▸ Dataset records
Start of Block

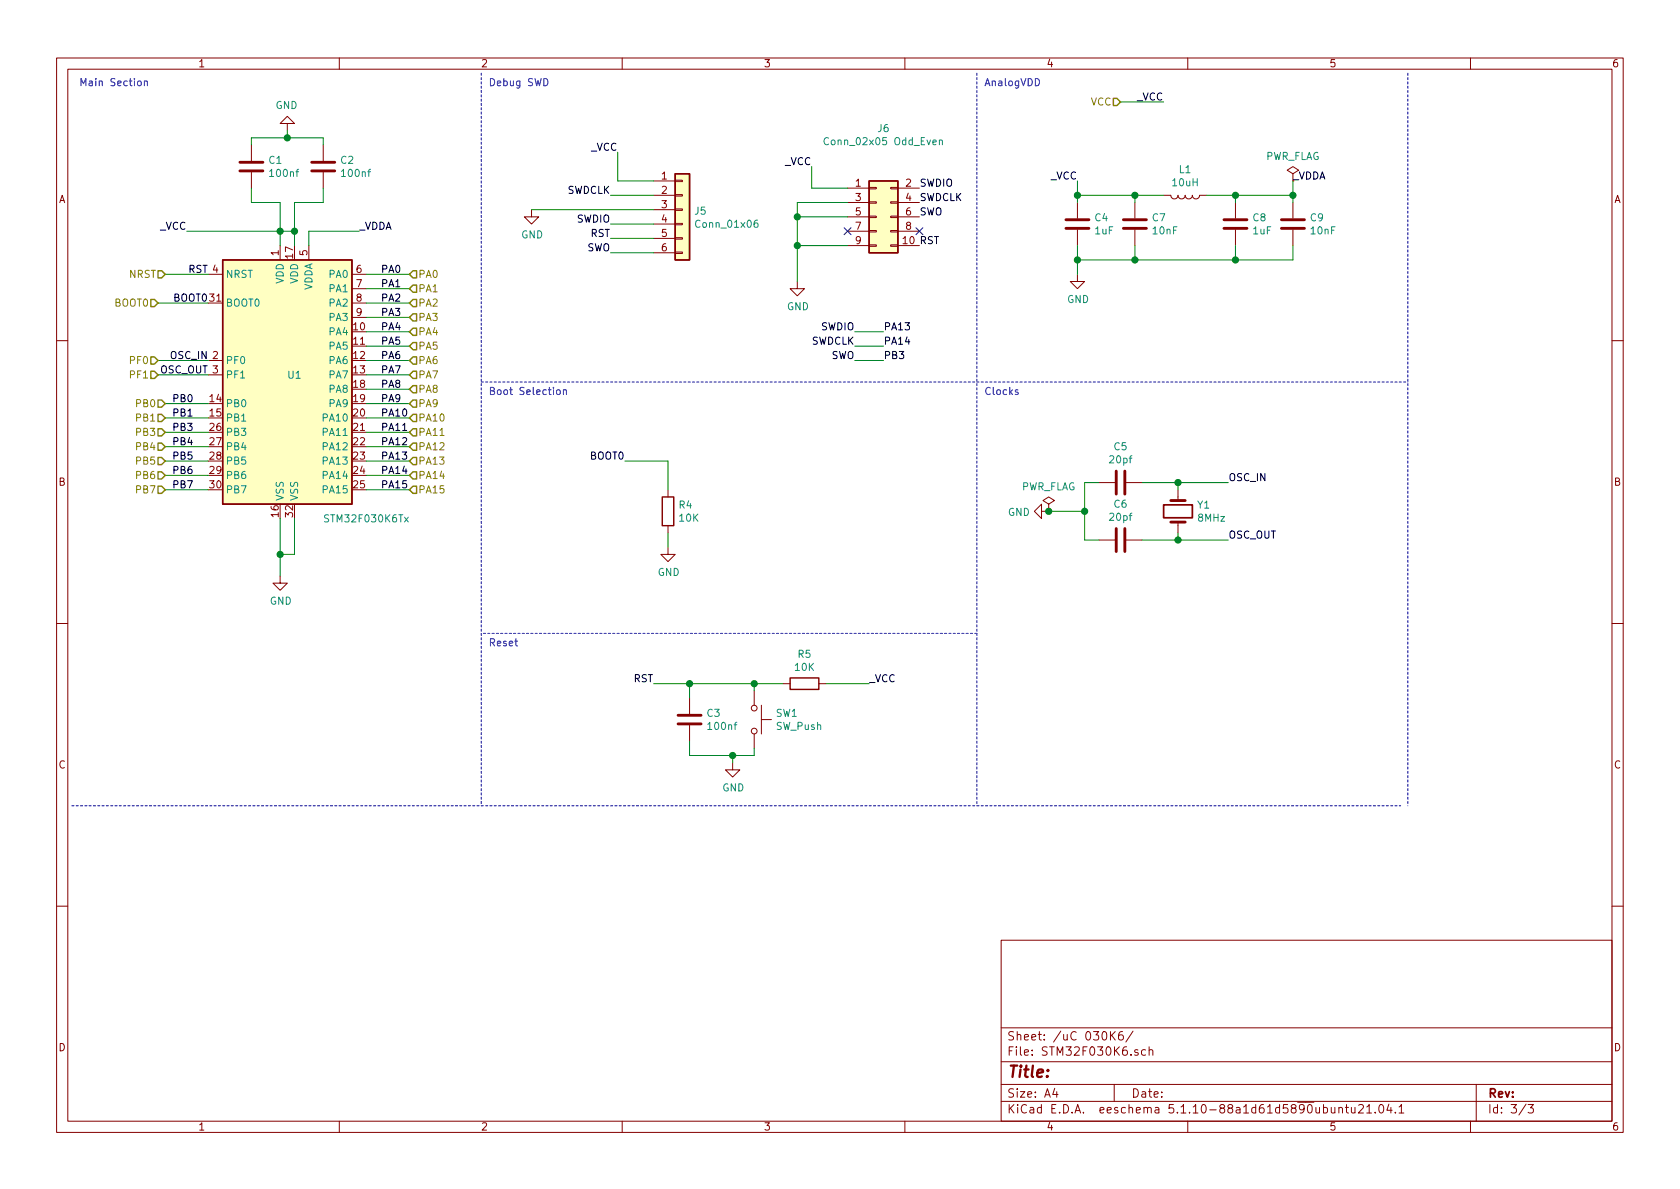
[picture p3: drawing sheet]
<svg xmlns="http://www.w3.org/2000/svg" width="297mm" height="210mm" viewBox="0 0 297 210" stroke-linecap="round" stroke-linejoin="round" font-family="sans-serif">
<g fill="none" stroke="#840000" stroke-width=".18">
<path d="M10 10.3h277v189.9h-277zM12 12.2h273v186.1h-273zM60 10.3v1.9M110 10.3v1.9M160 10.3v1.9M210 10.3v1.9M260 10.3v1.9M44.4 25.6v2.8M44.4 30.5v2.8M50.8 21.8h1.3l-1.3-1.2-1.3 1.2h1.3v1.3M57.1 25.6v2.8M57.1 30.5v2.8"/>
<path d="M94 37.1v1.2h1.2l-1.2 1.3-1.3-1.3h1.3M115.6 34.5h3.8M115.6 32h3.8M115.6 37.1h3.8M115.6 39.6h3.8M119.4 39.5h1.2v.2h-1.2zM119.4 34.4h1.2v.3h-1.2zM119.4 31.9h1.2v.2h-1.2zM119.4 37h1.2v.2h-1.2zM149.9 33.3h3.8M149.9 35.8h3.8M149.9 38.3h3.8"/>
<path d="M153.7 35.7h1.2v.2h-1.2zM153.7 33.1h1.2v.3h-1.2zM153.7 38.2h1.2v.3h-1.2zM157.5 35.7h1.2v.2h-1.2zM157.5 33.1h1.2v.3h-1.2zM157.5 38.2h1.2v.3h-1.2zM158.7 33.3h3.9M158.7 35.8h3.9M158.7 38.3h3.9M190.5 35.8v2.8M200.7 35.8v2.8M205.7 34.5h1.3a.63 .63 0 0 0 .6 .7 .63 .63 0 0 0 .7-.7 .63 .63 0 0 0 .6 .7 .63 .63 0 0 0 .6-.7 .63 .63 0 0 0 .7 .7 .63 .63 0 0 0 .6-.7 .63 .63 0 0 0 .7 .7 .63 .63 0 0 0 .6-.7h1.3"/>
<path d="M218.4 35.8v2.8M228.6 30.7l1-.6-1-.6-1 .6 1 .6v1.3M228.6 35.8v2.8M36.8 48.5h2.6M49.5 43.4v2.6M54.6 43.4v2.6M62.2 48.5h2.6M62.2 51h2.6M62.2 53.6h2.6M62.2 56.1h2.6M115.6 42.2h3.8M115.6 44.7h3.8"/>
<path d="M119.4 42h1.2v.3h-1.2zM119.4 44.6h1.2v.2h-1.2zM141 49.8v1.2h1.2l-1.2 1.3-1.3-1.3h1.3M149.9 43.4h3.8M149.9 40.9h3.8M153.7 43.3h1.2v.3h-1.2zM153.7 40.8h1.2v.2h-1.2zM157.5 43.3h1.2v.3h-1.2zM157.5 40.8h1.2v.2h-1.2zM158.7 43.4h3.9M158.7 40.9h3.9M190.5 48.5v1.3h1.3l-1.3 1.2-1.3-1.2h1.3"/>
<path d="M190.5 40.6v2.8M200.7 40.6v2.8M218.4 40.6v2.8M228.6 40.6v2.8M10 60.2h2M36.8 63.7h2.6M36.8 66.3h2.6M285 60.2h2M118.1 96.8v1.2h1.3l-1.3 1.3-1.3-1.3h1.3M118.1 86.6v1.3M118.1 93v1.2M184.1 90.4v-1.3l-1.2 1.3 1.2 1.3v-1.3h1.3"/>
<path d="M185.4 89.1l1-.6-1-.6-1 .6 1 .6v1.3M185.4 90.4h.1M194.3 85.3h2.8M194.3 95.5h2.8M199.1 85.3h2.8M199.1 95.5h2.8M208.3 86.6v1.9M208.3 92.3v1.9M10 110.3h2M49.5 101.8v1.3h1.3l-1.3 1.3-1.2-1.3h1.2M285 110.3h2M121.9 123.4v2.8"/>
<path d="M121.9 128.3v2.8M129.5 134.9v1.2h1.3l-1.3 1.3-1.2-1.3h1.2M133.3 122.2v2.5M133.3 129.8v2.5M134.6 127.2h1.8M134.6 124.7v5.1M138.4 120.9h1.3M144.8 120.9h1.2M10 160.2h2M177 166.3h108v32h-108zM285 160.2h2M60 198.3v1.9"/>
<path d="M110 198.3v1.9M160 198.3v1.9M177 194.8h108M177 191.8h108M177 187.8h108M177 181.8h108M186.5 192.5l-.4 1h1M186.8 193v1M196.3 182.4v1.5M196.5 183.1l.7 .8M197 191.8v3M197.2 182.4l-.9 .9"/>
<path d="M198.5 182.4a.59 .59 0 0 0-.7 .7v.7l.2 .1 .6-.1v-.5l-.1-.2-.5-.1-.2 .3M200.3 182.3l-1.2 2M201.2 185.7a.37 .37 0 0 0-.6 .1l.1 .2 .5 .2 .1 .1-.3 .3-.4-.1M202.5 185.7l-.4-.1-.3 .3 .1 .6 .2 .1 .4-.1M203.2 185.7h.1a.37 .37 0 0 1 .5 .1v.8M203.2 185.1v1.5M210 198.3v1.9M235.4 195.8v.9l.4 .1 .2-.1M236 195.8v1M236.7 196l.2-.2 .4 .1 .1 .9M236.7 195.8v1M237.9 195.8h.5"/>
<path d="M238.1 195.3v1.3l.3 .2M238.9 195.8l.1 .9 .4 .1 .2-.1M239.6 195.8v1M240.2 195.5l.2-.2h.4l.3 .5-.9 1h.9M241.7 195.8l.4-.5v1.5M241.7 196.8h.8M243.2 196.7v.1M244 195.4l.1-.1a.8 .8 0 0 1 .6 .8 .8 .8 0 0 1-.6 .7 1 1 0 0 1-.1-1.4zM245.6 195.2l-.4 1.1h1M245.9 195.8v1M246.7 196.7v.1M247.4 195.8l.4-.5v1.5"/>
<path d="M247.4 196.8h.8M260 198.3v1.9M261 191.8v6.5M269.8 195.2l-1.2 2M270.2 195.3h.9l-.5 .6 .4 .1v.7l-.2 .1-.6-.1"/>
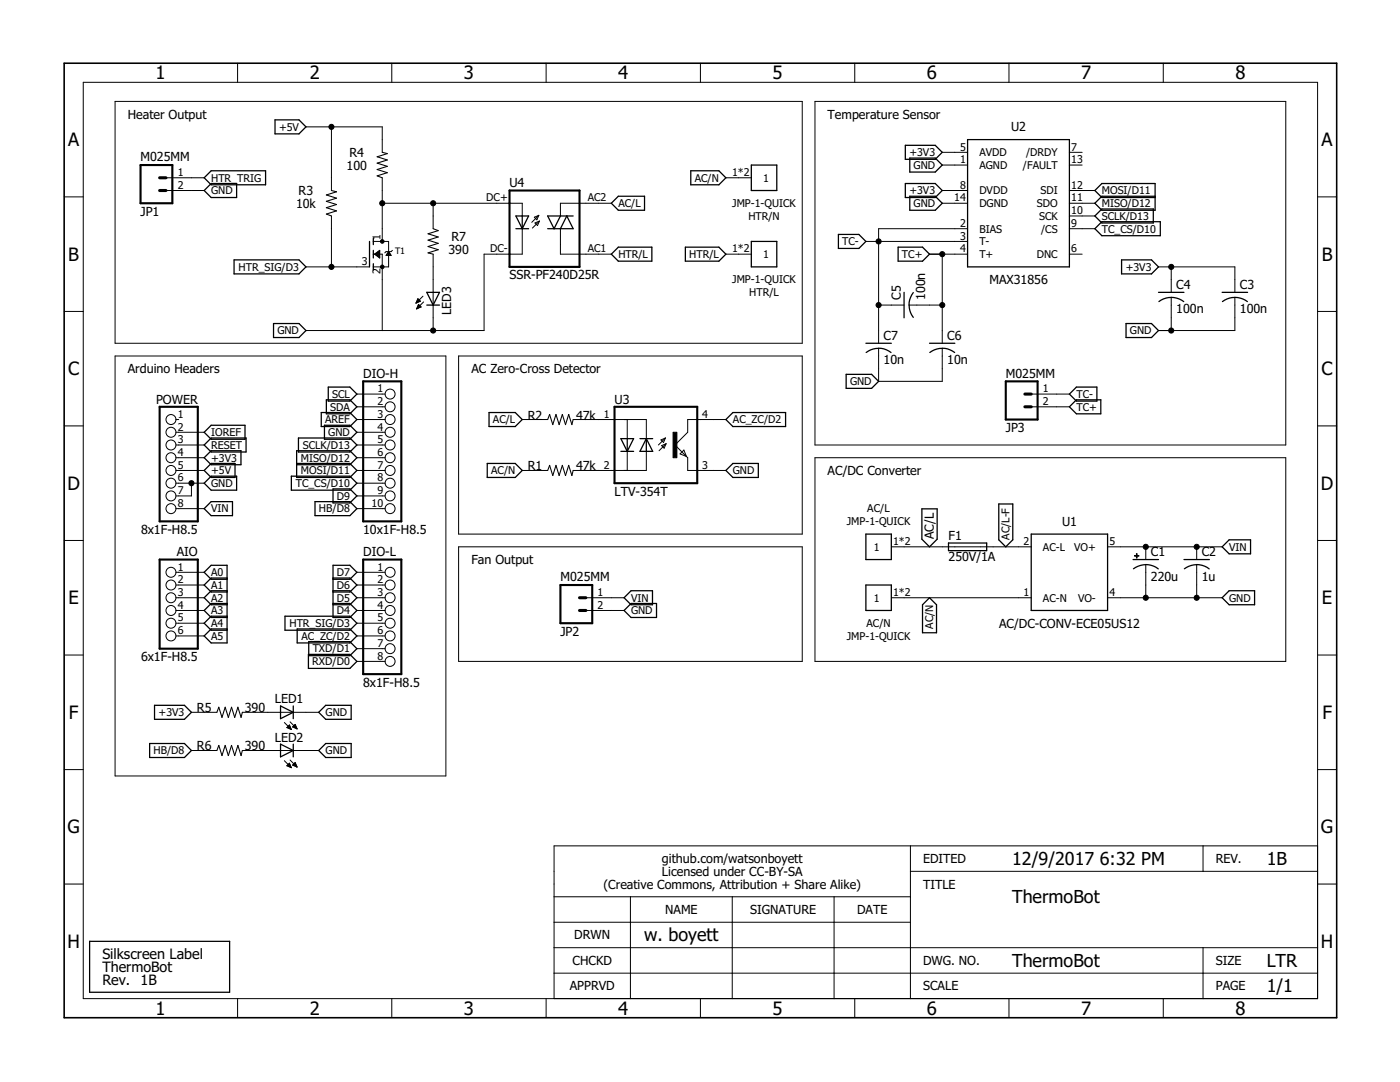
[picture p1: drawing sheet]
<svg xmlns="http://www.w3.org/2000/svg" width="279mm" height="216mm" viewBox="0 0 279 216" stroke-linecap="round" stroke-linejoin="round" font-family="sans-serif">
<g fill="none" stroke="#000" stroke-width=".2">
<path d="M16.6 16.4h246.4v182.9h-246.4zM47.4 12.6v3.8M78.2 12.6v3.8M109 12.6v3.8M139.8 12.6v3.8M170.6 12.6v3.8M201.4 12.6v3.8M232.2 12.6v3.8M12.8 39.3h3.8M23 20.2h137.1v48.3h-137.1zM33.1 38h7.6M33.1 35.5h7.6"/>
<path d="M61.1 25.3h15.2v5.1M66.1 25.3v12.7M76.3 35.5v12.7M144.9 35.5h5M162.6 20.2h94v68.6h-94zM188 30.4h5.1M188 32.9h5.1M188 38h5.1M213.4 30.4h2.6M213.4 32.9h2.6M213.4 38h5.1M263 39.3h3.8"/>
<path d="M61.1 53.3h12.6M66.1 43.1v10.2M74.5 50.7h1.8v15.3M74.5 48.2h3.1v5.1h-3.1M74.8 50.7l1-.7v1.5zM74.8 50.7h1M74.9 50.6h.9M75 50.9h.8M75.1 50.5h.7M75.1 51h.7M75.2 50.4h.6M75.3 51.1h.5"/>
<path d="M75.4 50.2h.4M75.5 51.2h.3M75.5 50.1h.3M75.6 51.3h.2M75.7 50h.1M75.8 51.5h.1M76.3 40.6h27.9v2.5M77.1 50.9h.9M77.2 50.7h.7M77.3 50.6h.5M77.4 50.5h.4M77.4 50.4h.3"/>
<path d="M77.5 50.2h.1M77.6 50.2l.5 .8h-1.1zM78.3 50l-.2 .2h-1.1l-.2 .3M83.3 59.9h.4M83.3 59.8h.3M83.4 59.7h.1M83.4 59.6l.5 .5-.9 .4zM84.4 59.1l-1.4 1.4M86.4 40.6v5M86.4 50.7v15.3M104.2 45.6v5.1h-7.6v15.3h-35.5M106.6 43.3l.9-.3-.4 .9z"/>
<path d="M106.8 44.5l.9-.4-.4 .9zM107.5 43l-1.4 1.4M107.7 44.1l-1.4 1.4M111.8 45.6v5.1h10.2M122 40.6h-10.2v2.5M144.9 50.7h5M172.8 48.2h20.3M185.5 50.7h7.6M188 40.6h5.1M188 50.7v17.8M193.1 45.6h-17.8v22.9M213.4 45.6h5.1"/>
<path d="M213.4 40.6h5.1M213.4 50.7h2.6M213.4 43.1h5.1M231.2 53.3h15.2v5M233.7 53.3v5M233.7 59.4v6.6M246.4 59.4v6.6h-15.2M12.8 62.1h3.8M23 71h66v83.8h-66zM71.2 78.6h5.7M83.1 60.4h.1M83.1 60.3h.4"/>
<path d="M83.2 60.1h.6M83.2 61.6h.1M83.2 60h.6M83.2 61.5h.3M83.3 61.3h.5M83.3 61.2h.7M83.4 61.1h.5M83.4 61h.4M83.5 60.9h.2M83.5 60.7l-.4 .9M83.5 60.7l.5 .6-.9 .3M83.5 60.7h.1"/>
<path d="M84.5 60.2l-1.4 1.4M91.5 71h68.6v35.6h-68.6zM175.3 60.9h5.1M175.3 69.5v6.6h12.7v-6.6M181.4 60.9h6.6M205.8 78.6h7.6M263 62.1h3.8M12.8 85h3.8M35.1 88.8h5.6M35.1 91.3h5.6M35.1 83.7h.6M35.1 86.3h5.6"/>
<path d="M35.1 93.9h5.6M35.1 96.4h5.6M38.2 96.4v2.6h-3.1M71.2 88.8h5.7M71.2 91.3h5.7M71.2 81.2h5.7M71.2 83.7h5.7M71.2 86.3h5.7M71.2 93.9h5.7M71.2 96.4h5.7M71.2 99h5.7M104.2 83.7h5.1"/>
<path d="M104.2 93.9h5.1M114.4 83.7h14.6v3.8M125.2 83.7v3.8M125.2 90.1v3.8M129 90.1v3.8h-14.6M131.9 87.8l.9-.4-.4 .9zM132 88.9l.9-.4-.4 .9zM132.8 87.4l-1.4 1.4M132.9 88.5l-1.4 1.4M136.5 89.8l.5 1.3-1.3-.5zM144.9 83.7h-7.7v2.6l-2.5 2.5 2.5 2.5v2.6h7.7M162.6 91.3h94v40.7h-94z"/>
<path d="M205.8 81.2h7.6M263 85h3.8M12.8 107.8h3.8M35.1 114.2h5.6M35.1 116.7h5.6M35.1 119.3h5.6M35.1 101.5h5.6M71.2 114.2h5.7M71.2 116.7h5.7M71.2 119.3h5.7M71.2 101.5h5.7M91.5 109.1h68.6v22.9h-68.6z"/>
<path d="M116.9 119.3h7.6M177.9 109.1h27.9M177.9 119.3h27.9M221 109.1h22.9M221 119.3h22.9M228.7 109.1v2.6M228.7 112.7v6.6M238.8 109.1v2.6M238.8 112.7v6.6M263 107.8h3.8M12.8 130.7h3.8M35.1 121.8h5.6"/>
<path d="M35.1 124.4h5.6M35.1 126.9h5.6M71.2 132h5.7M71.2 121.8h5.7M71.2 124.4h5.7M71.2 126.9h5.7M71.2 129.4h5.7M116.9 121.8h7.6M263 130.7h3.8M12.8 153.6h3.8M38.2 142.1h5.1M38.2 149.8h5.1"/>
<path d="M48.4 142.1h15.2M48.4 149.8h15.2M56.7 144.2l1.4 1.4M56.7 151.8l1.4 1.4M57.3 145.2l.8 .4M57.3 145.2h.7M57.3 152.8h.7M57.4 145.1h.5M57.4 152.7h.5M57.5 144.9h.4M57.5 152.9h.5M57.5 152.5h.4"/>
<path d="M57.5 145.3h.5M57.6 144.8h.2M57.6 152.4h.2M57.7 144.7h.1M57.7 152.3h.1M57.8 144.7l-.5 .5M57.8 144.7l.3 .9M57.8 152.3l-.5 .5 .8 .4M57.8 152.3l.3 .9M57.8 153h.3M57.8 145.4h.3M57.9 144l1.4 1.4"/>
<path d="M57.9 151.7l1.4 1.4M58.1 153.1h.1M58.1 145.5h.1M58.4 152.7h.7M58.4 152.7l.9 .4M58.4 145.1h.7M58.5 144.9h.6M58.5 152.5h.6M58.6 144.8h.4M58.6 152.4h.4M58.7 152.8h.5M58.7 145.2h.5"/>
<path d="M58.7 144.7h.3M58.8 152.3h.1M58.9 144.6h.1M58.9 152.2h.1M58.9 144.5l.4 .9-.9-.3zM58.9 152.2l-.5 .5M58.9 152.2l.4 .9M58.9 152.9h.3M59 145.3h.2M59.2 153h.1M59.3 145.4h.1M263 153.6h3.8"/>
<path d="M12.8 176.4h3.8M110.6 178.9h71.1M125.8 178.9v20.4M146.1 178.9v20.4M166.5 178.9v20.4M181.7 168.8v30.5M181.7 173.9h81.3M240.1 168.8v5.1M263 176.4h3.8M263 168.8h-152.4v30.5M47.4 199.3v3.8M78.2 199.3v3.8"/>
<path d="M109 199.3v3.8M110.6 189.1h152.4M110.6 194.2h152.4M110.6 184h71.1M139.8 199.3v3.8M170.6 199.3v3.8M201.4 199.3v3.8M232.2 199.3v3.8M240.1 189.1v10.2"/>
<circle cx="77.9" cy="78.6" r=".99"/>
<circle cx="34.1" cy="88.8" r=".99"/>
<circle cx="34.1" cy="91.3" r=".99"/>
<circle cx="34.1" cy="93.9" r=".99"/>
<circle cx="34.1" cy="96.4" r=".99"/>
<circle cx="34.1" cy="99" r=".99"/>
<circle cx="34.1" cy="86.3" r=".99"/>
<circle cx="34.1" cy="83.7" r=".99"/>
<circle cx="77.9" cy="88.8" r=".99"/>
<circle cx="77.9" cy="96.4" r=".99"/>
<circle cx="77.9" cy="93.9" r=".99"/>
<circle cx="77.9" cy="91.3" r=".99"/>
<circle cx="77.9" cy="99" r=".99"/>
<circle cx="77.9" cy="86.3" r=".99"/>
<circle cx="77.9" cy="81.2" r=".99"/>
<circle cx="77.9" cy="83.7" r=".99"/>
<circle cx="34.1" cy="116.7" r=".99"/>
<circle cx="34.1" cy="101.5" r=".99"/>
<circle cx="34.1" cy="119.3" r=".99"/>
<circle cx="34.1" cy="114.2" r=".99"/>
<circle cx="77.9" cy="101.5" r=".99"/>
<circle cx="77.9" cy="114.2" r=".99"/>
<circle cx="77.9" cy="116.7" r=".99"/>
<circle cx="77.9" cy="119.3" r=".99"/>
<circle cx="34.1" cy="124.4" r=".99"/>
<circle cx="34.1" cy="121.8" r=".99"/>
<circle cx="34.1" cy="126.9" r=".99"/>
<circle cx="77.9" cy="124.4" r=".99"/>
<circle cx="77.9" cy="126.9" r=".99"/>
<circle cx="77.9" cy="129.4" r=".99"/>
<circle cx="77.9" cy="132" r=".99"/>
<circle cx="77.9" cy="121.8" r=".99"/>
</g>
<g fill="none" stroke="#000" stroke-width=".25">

End of Block

▸ What you have to do
Scan the lines above, and whenever one holds the string "none", copy it.

▸ Problem solution
<g fill="none" stroke="#840000" stroke-width=".18">
<g fill="none" stroke="#000" stroke-width=".2">
<g fill="none" stroke="#000" stroke-width=".25">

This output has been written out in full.